Background: Molecular profiling is quickly becoming standard for patients with advanced cancer, with an increasing number of biomarker-directed therapies and innovative precision diagnostics available. However, with the expansion of relevant biomarkers, clinicians often face challenges obtaining optimal detection from limited tumor tissue. Here, we present biomarker detection rates from comprehensive genomic and immune profiling (CGIP) performed as a component of routine clinical care using a multi-modal testing strategy.

Methods: CGIP was performed on 20,645 solid tumor specimens in a CAP/CLIA and NYS CLEP-certified reference laboratory, including DNA- and RNA-based next-generation sequencing (NGS), RNA gene expression profiling, and PD-L1 immunohistochemistry (IHC). RNA and DNA were co-extracted to optimize tissue usage.
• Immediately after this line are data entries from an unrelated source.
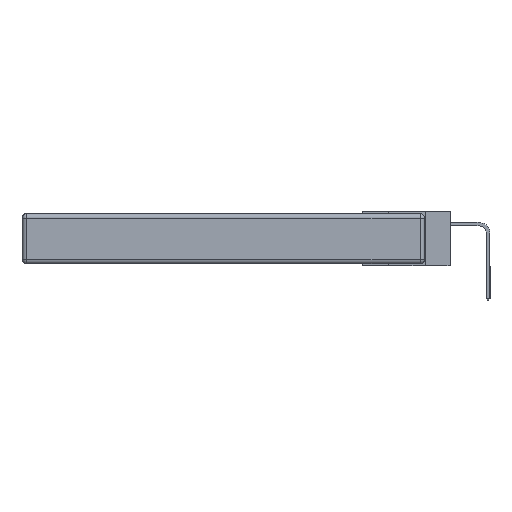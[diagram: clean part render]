
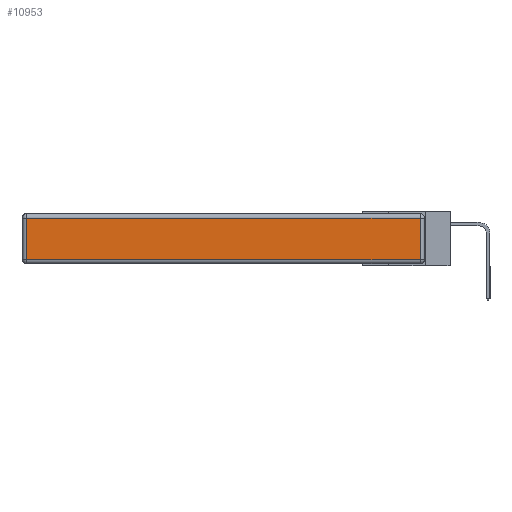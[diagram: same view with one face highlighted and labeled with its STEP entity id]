
A CAD part, left-side view. The second image highlights one B-rep face of the part: STEP entity #10953.
In plain terms, the highlighted planar face has unit normal (-1, 0, 0).
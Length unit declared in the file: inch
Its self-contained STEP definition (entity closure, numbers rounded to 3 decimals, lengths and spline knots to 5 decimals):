
#486 = LINE ( 'NONE', #9451, #3882 ) ;
#732 = EDGE_CURVE ( 'NONE', #8450, #6088, #486, .T. ) ;
#2079 = PLANE ( 'NONE',  #16597 ) ;
#2197 = DIRECTION ( 'NONE',  ( -1., 0., 0. ) ) ;
#2273 = EDGE_CURVE ( 'NONE', #13134, #8450, #16818, .T. ) ;
#2936 = CARTESIAN_POINT ( 'NONE',  ( 0., 2.72, -0.343 ) ) ;
#3464 = CARTESIAN_POINT ( 'NONE',  ( 0., 0., -0.343 ) ) ;
#3882 = VECTOR ( 'NONE', #16286, 39.37008 ) ;
#4810 = EDGE_CURVE ( 'NONE', #10132, #13134, #9418, .T. ) ;
#4899 = ORIENTED_EDGE ( 'NONE', *, *, #2273, .T. ) ;
#5387 = DIRECTION ( 'NONE',  ( 0., 0., 1. ) ) ;
#5506 = DIRECTION ( 'NONE',  ( 0., 0., -1. ) ) ;
#6088 = VERTEX_POINT ( 'NONE', #15537 ) ;
#6643 = VECTOR ( 'NONE', #13912, 39.37008 ) ;
#6684 = FACE_OUTER_BOUND ( 'NONE', #7829, .T. ) ;
#7152 = ORIENTED_EDGE ( 'NONE', *, *, #4810, .T. ) ;
#7829 = EDGE_LOOP ( 'NONE', ( #12655, #11809, #7152, #4899 ) ) ;
#8450 = VERTEX_POINT ( 'NONE', #11061 ) ;
#8670 = CARTESIAN_POINT ( 'NONE',  ( 0., 2.75, -0.03 ) ) ;
#9418 = LINE ( 'NONE', #8670, #6643 ) ;
#9451 = CARTESIAN_POINT ( 'NONE',  ( 0., 0., -0.313 ) ) ;
#9489 = VECTOR ( 'NONE', #5387, 39.37008 ) ;
#10132 = VERTEX_POINT ( 'NONE', #17003 ) ;
#10646 = CARTESIAN_POINT ( 'NONE',  ( 0., 0.03, -0.343 ) ) ;
#10953 = ADVANCED_FACE ( 'NONE', ( #6684 ), #2079, .T. ) ;
#11061 = CARTESIAN_POINT ( 'NONE',  ( 0., 2.72, -0.313 ) ) ;
#11809 = ORIENTED_EDGE ( 'NONE', *, *, #17109, .T. ) ;
#12161 = CARTESIAN_POINT ( 'NONE',  ( 0., 2.72, -0.03 ) ) ;
#12655 = ORIENTED_EDGE ( 'NONE', *, *, #732, .T. ) ;
#13109 = LINE ( 'NONE', #10646, #9489 ) ;
#13134 = VERTEX_POINT ( 'NONE', #12161 ) ;
#13912 = DIRECTION ( 'NONE',  ( 0., 1., 0. ) ) ;
#15320 = VECTOR ( 'NONE', #5506, 39.37008 ) ;
#15537 = CARTESIAN_POINT ( 'NONE',  ( 0., 0.03, -0.313 ) ) ;
#16182 = DIRECTION ( 'NONE',  ( 0., 0., 1. ) ) ;
#16286 = DIRECTION ( 'NONE',  ( 0., -1., 0. ) ) ;
#16597 = AXIS2_PLACEMENT_3D ( 'NONE', #3464, #2197, #16182 ) ;
#16818 = LINE ( 'NONE', #2936, #15320 ) ;
#17003 = CARTESIAN_POINT ( 'NONE',  ( 0., 0.03, -0.03 ) ) ;
#17109 = EDGE_CURVE ( 'NONE', #6088, #10132, #13109, .T. ) ;
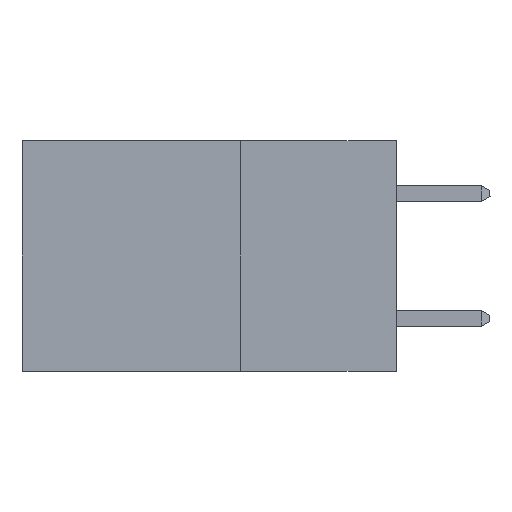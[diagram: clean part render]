
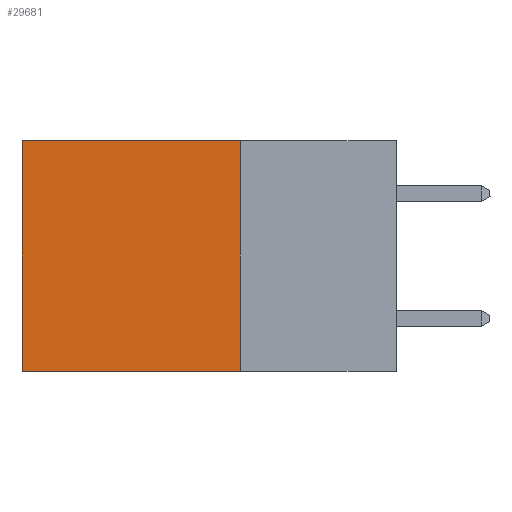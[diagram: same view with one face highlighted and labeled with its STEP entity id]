
A CAD part, left-side view. The second image highlights one B-rep face of the part: STEP entity #29681.
In plain terms, the highlighted planar face has unit normal (-1, 0, 0).
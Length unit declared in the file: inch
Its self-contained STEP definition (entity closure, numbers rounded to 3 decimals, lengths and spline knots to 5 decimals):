
#86 = VECTOR ( 'NONE', #23289, 39.37008 ) ;
#727 = ORIENTED_EDGE ( 'NONE', *, *, #29393, .T. ) ;
#967 = VERTEX_POINT ( 'NONE', #8151 ) ;
#2715 = EDGE_CURVE ( 'NONE', #10737, #7091, #13194, .T. ) ;
#3091 = VECTOR ( 'NONE', #27587, 39.37008 ) ;
#3317 = DIRECTION ( 'NONE',  ( 0., 0., -1. ) ) ;
#3766 = LINE ( 'NONE', #16512, #86 ) ;
#4535 = ORIENTED_EDGE ( 'NONE', *, *, #12488, .F. ) ;
#5085 = ORIENTED_EDGE ( 'NONE', *, *, #2715, .T. ) ;
#5890 = ORIENTED_EDGE ( 'NONE', *, *, #17105, .F. ) ;
#6782 = CARTESIAN_POINT ( 'NONE',  ( 0.298, 0.25, 0. ) ) ;
#7091 = VERTEX_POINT ( 'NONE', #20709 ) ;
#7921 = VECTOR ( 'NONE', #18324, 39.37008 ) ;
#8151 = CARTESIAN_POINT ( 'NONE',  ( 0.298, 0.25, 0. ) ) ;
#9382 = LINE ( 'NONE', #6782, #13318 ) ;
#9389 = CARTESIAN_POINT ( 'NONE',  ( 0.298, 0.6, 0. ) ) ;
#10038 = PLANE ( 'NONE',  #13206 ) ;
#10737 = VERTEX_POINT ( 'NONE', #9389 ) ;
#12348 = CARTESIAN_POINT ( 'NONE',  ( 0.298, 0.25, 0. ) ) ;
#12488 = EDGE_CURVE ( 'NONE', #25804, #7091, #20173, .T. ) ;
#13194 = LINE ( 'NONE', #25118, #3091 ) ;
#13206 = AXIS2_PLACEMENT_3D ( 'NONE', #12348, #28474, #14235 ) ;
#13318 = VECTOR ( 'NONE', #3317, 39.37008 ) ;
#13658 = CARTESIAN_POINT ( 'NONE',  ( 0.298, 0.25, -0.37 ) ) ;
#14235 = DIRECTION ( 'NONE',  ( 0., 0., -1. ) ) ;
#15958 = CARTESIAN_POINT ( 'NONE',  ( 0.298, 0.25, -0.37 ) ) ;
#16512 = CARTESIAN_POINT ( 'NONE',  ( 0.298, 0.25, 0. ) ) ;
#17105 = EDGE_CURVE ( 'NONE', #967, #25804, #9382, .T. ) ;
#18324 = DIRECTION ( 'NONE',  ( 0., 1., 0. ) ) ;
#20173 = LINE ( 'NONE', #15958, #7921 ) ;
#20709 = CARTESIAN_POINT ( 'NONE',  ( 0.298, 0.6, -0.37 ) ) ;
#22330 = EDGE_LOOP ( 'NONE', ( #5085, #4535, #5890, #727 ) ) ;
#23289 = DIRECTION ( 'NONE',  ( 0., 1., 0. ) ) ;
#25118 = CARTESIAN_POINT ( 'NONE',  ( 0.298, 0.6, 0. ) ) ;
#25804 = VERTEX_POINT ( 'NONE', #13658 ) ;
#27587 = DIRECTION ( 'NONE',  ( 0., 0., -1. ) ) ;
#27882 = FACE_OUTER_BOUND ( 'NONE', #22330, .T. ) ;
#28474 = DIRECTION ( 'NONE',  ( 1., 0., 0. ) ) ;
#29393 = EDGE_CURVE ( 'NONE', #967, #10737, #3766, .T. ) ;
#29681 = ADVANCED_FACE ( 'NONE', ( #27882 ), #10038, .F. ) ;

Clinical significance of detected biomarkers was classified in accordance with the joint consensus recommendations of the Association for Molecular Pathology (AMP), American Society of Clinical Oncology (ASCO), and the College of American Pathologists (CAP).

Results: Adequacy of specimens for analysis with each test component varied from 99.8% (20,612) for PD-L1 IHC to 87.7% (18,113) for RNA-based NGS. DNA-based NGS had a > 96.0% success rate across all result components (short variants, copy number alterations, and genomic signatures), while RNA-based NGS and gene expression profiling were successful for 92.1% (16,689) and 90.2% (17,275) of cases, respectively. Median turnaround time from specimen receipt in the testing laboratory to report delivery was 8 days (range 1-35). Within our cohort of 15,815 cases with complete results available, 61.0% (9650) had at least one tier 1 biomarker with known clinical significance, 88.8% (14,039) had at least one tier 2 biomarker with potential clinical significance, 57.5% (9,090) had both tier 1 and 2 biomarkers, and 7.7% (1216) had no clinically significant biomarkers detected. Biomarker detection rates varied across tumor types, increasing with the addition of testing modalities.

Conclusions: Utilization of a multi-modal CGIP testing strategy resulted in a high rate of test success and detection of clinically relevant biomarkers while optimizing tissue usage.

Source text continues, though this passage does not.